If you are new to these plants, it helps to understand upfront that spider lilies can be challenging to grow specifically because their needs are unusual compared to typical garden bulbs. Getting the dormancy cycle right is the key, and most failures trace back to watering at the wrong time of year.
If you want to relocate spider lilies from a disturbed or unwanted spot
Do it in summer, when the plant is fully dormant and there is no foliage to damage. Dig carefully to get the whole bulb and as many offsets as you can. Replant immediately at the correct depth in your chosen spot, water once to settle the soil, then leave them alone. Do not overwater during dormancy. Mark where you planted them so you do not accidentally disturb them before the flower scape appears in fall. Expect a skipped bloom season the first year after moving them.

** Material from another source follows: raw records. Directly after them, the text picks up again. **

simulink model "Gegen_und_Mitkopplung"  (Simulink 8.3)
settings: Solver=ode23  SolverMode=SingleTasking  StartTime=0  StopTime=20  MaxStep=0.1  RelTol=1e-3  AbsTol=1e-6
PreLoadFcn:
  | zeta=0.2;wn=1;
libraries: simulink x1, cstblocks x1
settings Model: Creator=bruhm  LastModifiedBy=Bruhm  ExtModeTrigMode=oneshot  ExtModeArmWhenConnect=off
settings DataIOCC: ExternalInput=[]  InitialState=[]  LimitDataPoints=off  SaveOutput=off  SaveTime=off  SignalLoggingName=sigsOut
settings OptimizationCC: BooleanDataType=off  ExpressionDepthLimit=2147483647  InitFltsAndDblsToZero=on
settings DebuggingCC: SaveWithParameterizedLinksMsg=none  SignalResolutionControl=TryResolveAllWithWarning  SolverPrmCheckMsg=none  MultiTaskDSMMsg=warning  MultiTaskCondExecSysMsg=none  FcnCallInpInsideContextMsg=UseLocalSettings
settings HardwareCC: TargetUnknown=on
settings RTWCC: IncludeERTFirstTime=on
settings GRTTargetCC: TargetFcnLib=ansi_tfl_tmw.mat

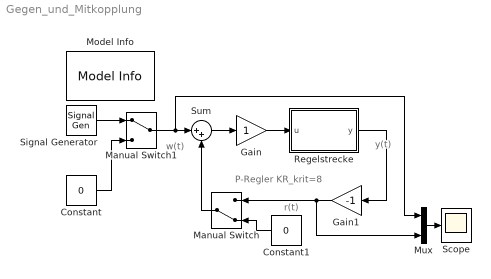
== system Gegen_und_Mitkopplung ==
  note: w(t)
  note: P-Regler
      | KR_krit=8
  note: y(t)
  note: r(t)
  Constant : Constant  Value=0
  Constant1 : Constant  Value=0
  Gain : Gain  SaturateOnIntegerOverflow=on  OutDataTypeStr=Inherit: Same as input  ParamDataTypeStr=Inherit: Same as input
  Gain1 : Gain  Gain=-1  SaturateOnIntegerOverflow=on  OutDataTypeStr=Inherit: Same as input  ParamDataTypeStr=Inherit: Same as input
  Manual Switch : ManualSwitch  CurrentSetting=0
  Manual Switch1 : ManualSwitch
  Model Info : simulink/Model-Wide Utilities/Model Info  InitialBlockCM=None  BlockCM=none  Frame=off  DisplayStringWithTags=|  HorizontalTextAlignment=Left  LeftAlignmentValue=0.02  SourceBlockDiagram=Gegen_und_Mitkopplung  TagMaxNumber=20
      | f1 = 0.1 Hz
      | f2 = 0.2 Hz
      | f3 = 0.4 Hz
      | f4 = f_krit = 0.5513 Hz
  Mux : Mux  Inputs=3
  Regelstrecke : Subsystem
  Scope : Scope
      settings: TimeRange=20  YMin=-2  YMax=2
  Signal Generator : SignalGenerator  Frequency=0.1
  Sum : Sum  Inputs=|++  SaturateOnIntegerOverflow=on  InputSameDT=on  OutDataTypeStr=Inherit: Same as first input
  wires:
  Signal Generator/1 -> Manual Switch1/1
  Sum/1 -> Gain/1
  Manual Switch/1 -> Sum/2
  Gain/1 -> Regelstrecke/1(u)
  Gain1/1 -> Manual Switch/1, Mux/3
  Regelstrecke/1(y) -> Gain1/1
  Constant/1 -> Manual Switch1/2
  Constant1/1 -> Manual Switch/2
  Mux/1 -> Scope/1
  Manual Switch1/1 -> Mux/1, Sum/1

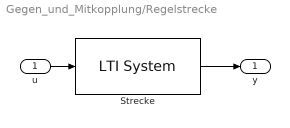
== system Gegen_und_Mitkopplung/Regelstrecke ==
  u : Inport
  Strecke : cstblocks/LTI System  sys=ss(zpk([],[-2 -2 -2],8))  IC=[-0.5 0 0]
  y : Outport
  wires:
  Strecke/1 -> y/1
  u/1 -> Strecke/1

If you want to understand the full timeline before committing
Knowing how long spider lilies take to grow and bloom from a newly planted bulb helps set realistic expectations. First-year bloomers are possible but not guaranteed, and understanding the multi-month dormancy cycle before that first fall bloom helps you stay patient rather than assuming something went wrong. The general rule is: plant in late summer, expect leaves in autumn, lose the leaves by late spring, see nothing through summer, and then hope for blooms the following fall. Some bulbs do it in the first year; others take two.
Final check: is it definitely a spider lily?
If you found a mystery plant near disturbed ground and are still not certain what you have, the best field test is simple: dig up a small bulb and look at it. Lycoris bulbs are white to pale tan, roughly the size of a golf ball to a tennis ball, and have a distinct neck at the top. If the plant had no leaves when it flowered, produced red star-shaped flowers with dramatically extended stamens on a bare stem in early fall, and you found it in a partially shaded spot with decent drainage, it is almost certainly Lycoris radiata. From there, treat it as a keeper, give it the right conditions, and it will reward you with reliable fall color for decades.